Records drawn from a dataset
"""
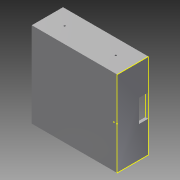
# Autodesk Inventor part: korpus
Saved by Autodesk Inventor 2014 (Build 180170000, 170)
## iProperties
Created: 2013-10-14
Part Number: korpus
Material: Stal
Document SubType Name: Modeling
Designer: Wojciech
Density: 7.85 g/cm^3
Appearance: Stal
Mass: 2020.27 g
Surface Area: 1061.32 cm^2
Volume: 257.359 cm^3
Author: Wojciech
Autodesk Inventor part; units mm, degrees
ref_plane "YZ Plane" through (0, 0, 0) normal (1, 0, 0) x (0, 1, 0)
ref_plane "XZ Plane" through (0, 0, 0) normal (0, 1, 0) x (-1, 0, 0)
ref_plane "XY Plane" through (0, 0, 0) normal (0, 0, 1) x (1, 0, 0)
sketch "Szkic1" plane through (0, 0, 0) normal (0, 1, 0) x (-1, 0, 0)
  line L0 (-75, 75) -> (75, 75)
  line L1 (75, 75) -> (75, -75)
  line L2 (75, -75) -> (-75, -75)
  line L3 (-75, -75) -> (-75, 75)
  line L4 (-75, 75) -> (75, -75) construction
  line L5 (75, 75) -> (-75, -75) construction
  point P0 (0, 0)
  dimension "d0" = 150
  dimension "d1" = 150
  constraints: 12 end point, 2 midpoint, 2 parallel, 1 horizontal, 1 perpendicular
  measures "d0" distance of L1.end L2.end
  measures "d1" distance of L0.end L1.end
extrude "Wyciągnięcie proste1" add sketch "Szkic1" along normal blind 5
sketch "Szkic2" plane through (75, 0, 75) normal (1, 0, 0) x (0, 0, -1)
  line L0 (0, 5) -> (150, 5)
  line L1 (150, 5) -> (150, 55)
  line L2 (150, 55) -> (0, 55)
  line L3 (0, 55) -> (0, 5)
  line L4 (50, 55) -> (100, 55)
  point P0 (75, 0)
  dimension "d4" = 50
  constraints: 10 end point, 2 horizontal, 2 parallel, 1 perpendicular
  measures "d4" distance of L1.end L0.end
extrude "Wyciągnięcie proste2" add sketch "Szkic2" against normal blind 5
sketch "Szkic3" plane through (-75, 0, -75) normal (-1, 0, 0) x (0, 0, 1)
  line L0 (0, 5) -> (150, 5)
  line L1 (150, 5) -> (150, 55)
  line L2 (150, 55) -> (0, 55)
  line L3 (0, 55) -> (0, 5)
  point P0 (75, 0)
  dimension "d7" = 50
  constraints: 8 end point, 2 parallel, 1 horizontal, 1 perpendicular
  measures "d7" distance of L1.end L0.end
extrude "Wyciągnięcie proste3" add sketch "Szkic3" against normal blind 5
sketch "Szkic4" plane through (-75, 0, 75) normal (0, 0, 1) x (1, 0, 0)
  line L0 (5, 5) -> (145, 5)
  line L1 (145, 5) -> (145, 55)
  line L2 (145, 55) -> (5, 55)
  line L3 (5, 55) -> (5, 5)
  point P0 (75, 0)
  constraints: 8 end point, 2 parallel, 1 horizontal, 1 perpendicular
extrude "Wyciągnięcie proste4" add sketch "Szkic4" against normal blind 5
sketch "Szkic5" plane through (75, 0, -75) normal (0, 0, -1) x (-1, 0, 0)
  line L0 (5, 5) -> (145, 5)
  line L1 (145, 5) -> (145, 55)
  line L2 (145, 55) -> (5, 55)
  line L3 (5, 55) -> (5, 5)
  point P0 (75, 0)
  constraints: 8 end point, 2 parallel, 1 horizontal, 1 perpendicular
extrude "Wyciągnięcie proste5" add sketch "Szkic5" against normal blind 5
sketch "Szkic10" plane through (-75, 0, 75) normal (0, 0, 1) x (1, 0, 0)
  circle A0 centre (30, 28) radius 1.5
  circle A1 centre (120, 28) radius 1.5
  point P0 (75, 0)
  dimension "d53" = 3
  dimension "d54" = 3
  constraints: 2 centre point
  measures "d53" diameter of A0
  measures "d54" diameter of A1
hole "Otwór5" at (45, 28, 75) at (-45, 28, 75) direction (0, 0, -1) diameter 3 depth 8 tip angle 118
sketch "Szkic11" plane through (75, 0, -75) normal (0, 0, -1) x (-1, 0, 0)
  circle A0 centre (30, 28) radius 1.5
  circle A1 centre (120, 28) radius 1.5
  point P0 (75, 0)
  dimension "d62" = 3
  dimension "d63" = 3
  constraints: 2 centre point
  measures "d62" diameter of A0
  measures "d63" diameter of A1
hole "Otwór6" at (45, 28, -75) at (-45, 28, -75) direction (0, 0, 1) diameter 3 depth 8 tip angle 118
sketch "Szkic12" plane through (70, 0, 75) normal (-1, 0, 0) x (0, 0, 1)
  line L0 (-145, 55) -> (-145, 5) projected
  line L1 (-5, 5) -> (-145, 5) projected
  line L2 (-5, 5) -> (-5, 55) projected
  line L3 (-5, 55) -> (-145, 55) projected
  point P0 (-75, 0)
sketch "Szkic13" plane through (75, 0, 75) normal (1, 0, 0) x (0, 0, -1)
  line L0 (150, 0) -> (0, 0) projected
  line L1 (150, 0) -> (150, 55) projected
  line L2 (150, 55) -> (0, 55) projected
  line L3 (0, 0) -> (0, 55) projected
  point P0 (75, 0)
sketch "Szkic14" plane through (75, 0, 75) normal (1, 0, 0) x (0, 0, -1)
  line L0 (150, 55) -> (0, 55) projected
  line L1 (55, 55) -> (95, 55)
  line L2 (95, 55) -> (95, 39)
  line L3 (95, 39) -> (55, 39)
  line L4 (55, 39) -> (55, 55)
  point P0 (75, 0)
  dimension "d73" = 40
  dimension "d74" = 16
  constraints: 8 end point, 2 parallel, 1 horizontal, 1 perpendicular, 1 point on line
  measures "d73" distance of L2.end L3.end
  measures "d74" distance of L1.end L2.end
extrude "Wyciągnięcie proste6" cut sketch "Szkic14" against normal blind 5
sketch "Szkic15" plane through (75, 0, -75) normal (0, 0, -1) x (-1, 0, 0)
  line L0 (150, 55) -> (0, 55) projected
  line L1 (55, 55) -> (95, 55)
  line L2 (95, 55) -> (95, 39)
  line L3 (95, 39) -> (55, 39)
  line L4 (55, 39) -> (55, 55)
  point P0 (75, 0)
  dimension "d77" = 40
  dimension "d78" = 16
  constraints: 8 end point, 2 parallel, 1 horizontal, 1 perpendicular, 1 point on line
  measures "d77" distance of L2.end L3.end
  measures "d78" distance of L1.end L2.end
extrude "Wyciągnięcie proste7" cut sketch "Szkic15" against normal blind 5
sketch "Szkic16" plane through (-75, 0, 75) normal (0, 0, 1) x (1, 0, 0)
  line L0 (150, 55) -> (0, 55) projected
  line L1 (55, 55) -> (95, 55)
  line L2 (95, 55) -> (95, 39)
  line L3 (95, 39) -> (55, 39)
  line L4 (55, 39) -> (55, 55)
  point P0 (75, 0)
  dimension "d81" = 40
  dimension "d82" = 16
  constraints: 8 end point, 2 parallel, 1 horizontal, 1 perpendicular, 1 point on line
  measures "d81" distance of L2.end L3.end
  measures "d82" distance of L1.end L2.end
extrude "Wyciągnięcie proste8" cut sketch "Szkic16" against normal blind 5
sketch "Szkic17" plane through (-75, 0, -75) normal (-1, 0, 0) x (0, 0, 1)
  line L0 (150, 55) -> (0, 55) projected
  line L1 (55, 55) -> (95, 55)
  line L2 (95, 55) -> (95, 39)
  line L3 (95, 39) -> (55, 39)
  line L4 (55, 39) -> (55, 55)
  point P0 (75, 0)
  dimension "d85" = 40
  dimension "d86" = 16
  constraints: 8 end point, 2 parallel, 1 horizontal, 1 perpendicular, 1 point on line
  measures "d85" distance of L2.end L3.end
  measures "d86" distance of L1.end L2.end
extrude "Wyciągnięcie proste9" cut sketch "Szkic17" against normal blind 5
"""
Instructions for the task -
Find the word "Wojciech" in the entries, and copy every line it shows up in.

Finished task -
Designer: Wojciech
Author: Wojciech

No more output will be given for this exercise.